Singkat cerita nya dua hari sebelum pertandingan PSS Sleman Junior saya membaca koran lokal bahwa tim tetangga yaitu PSIM Junior mengalami kekurangan amunisi dikarenakan salah satu pemainnya ternyata sudah mengikuti kejuaraan Piala Suratin dalam penyisihan yang juga dilaksanakan di tahun yang sama dengan waktu saya membela kabupaten saya.
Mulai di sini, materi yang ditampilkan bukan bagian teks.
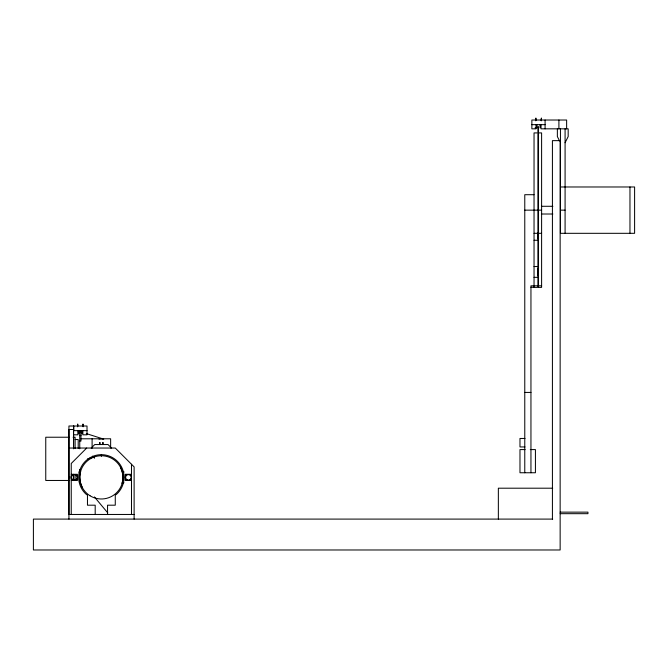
<?xml version="1.0" encoding="UTF-8"?>
<svg xmlns="http://www.w3.org/2000/svg" width="668" height="668" viewBox="0 0 668 668"><rect width="100%" height="100%" fill="white"/><g stroke="black" fill="none" stroke-linecap="round" stroke-linejoin="round"><path stroke-width="1" d="M71.242 479.09L71.242 475.967M73.563 480.476L73.563 474.297M73.563 446.399L73.563 429.499L68.929 429.499L68.929 514.46L134.118 514.46L134.118 519.094M134.118 514.46L134.118 466.882L115.272 448.036L68.929 448.036M80.669 471.14L79.768 476.71L80.335 482.329L82.339 487.607M122.094 483.59L122.996 478.029L122.286 472.009L124.123 472.009M565.086 142.735L568.176 136.556L568.176 128.832L541.03 128.832L541.03 124.657M86.69 448.036L71.242 463.483L71.242 514.46M91.249 448.036L94.739 444.546L108.024 444.546L111.514 448.036M87.483 459.008L94.263 456.837M78.766 472.017L80.536 472M122.236 482.739L123.997 482.73M531.862 124.657L545.088 124.657M535.043 127.905L536.972 127.905L536.972 124.657M536.972 132.915L534.041 132.915L534.041 287.382L537.899 287.382L537.899 126.736M538.517 132.915L541.606 132.915L541.606 287.382L538.517 287.382L538.517 126.736M560.452 186.982L634.6 186.982L634.6 233.316L560.452 233.316L560.452 128.832M534.041 194.705L524.772 194.705L524.772 472.752M541.414 206.287L552.879 206.287M524.772 210.153L541.606 210.153M560.452 210.144L565.086 210.144M541.414 214.011L552.879 214.011M534.041 233.316L541.606 233.316M534.041 240.271L537.899 240.271M534.024 266.532L537.899 266.532M534.024 277.345L537.899 277.345M537.899 285.812L530.951 285.812L530.951 472.752M538.517 285.812L541.606 285.812M530.951 287.282L534.041 287.282M524.772 392.425L530.951 392.425M73.563 430.643L87.015 430.643M73.563 434.81L77.847 434.81L77.847 430.643M79.742 435.586L80.978 435.586M69.038 437.231L45.758 437.231L45.758 480.459L69.038 480.459M73.079 437.231L75.108 437.231L75.108 448.604M525.006 438.459L519.98 438.459L519.98 446.95L525.006 446.95M80.77 438.784L110.637 438.784L110.637 447.952M75.108 439.536L78.198 439.536L78.198 448.42M79.742 441.047L80.978 441.047L80.978 431.06M525.131 449.581L519.98 449.581L519.98 472.752L535.427 472.752L535.427 449.581L530.283 449.581M71.242 474.297L77.421 474.297L77.421 480.476L71.242 480.476M131.487 474.297L125.308 474.297L125.308 480.476L131.487 480.476M552.695 488.199L498.353 488.199L498.353 519.094M560.143 512.139L587.949 512.139L587.949 513.684L560.143 513.684M552.695 519.094L33.4 519.094L33.4 549.981L560.143 549.981L560.143 140.639L552.419 140.639L552.419 519.094M86.306 433.59L103.757 439.143M78.465 431.069L82.389 432.33M92.51 456.152L94.555 458.198M94.413 496.934L107.757 512.865M559.575 140.965L557.362 136.556L557.362 128.832M120.432 467.124L122.436 472.41M629.966 186.982L629.966 233.316M566.631 128.832L566.631 120.023L531.862 120.023L531.862 128.832L536.012 128.832L536.012 124.657M565.086 128.832L565.086 233.316M558.907 120.023L558.907 128.832M545.088 120.023L545.088 128.832M541.381 120.716L541.381 118.019L541.147 120.716M540.061 124.657L540.061 127.905M538.091 232.598L538.091 238.726M538.091 268.035L538.091 275.759M535.895 120.716L535.895 118.019L535.661 120.716M131.487 464.252L131.487 514.46M107.548 514.46L107.548 505.192L115.272 505.192L115.272 495.097L116.466 494.345A22.704 22.704 0 0 0 117.727 461.638A22.704 22.704 0 0 0 85.003 461.638A22.704 22.704 0 0 0 86.264 494.345L87.466 495.097L87.466 505.192L95.19 505.192L95.19 514.46M103.239 444.337L103.239 442.533L102.621 442.533L102.621 444.337M101.386 454.407L101.386 456.336M100.15 444.337L100.15 442.533L99.532 442.533L99.532 444.337M92.1 438.784L92.1 448.195M83.216 426.702L82.982 423.996L82.982 426.702M82.865 430.643L82.865 434.81L87.015 434.81L87.015 426.009L68.929 426.009L68.929 519.094M81.905 430.643L81.905 433.883M79.742 431.06L79.742 448.787M78.816 430.643L78.816 433.883M77.73 426.702L77.73 423.996L77.505 426.702M75.108 474.564L75.108 480.459M73.797 426.009L73.797 430.643M73.563 426.009L73.563 448.838M73.563 474.839L73.563 480.593M131.262 478.572A3.09 3.09 0 0 1 130.277 479.833M129.575 480.225A3.09 3.09 0 0 1 127.212 480.217M126.519 479.808A3.09 3.09 0 0 1 125.951 479.232M125.551 478.53A3.09 3.09 0 0 1 125.567 476.167M125.976 475.466A3.09 3.09 0 0 1 127.254 474.505M129.617 474.522A3.09 3.09 0 0 1 130.31 474.931M130.878 475.507A3.09 3.09 0 0 1 131.279 476.2M68.971 477.904A5.402 5.402 0 0 1 69.013 476.493M77.279 478.355A3.09 3.09 0 0 1 76.92 479.081M76.394 479.691A3.09 3.09 0 0 1 73.363 480.292M72.637 479.941A3.09 3.09 0 0 1 72.027 479.407M71.585 478.739A3.09 3.09 0 0 1 72.979 474.597M75.342 474.439A3.09 3.09 0 0 1 77.121 476M98.981 439.143A7.724 7.724 0 0 1 102.972 438.934M79.742 469.454L79.742 472.435L79.742 469.454M90.005 495.756A21.626 21.626 0 0 0 122.996 478.021A21.626 21.626 0 0 0 91.14 458.323A21.626 21.626 0 0 0 90.005 495.756M127.012 479.791A2.781 2.781 0 0 0 131.178 477.386A2.781 2.781 0 0 0 127.012 474.973A2.781 2.781 0 0 0 127.012 479.791M72.946 479.791A2.781 2.781 0 0 0 77.112 477.386A2.781 2.781 0 0 0 72.946 474.973A2.781 2.781 0 0 0 72.946 479.791"/></g></svg>

Ternyata pemain yang dianggap tercoret dari Skuat PSIM adalah berasal dari Wonogiri dan merupakan lawan tanding saya pada saat main di Karisidenan Surakarta. 

Akhirnya malem itu setelah saya membaca koran lokal itu saya berpikir dan banyak pertimbangan yang menyakut posisi saya di tim, dan timbulkan percakapan batin saya ‘kalau saya bilang ke pelatih pasti akan dipulangkan dan persiapan enam bulan ini akan sia-sia karena saya tidak akan bisa turun main di event itu dan saya harus pulang ke Klaten tanpa hasil apa-apa dan tentunya akan mengecewakan orang tua saya, dan pertimbangan lain lagi kalau saya tidak bilang ke pelatih saya maka saya merugikan tim PSS Sleman dan teman-teman satu tim akan mengalami diskualifikasi jika ketahuan salah satu pemainnya pernah mengikuti tim lain sebelum bergabung di PSS Sleman dan tentunya merugikan banyak orang’. 

Dan akhirnya paginya dengan perasaaan sedih saya beranikan diri mengahadap pelatih saya yaitu Bang Maman Durachman dan bilang ke beliau bahwa saya pernah ikut event yang sama pada tahun lalu dan merupakan penyisihan dari beberapa karisidenan, tanpa ekspresi dari pelatih saya itu hanya bilang “Ya sudah Ton kamu sudah berani bilang ke saya dan saya ucapkan terima kasih atas kejujuranmu, jika kamu tidak bilang dan kamu dimainkan maka kalau ketahuan oleh panitia dan tim lawan maka tim PSS akan didiskualifikasi”.  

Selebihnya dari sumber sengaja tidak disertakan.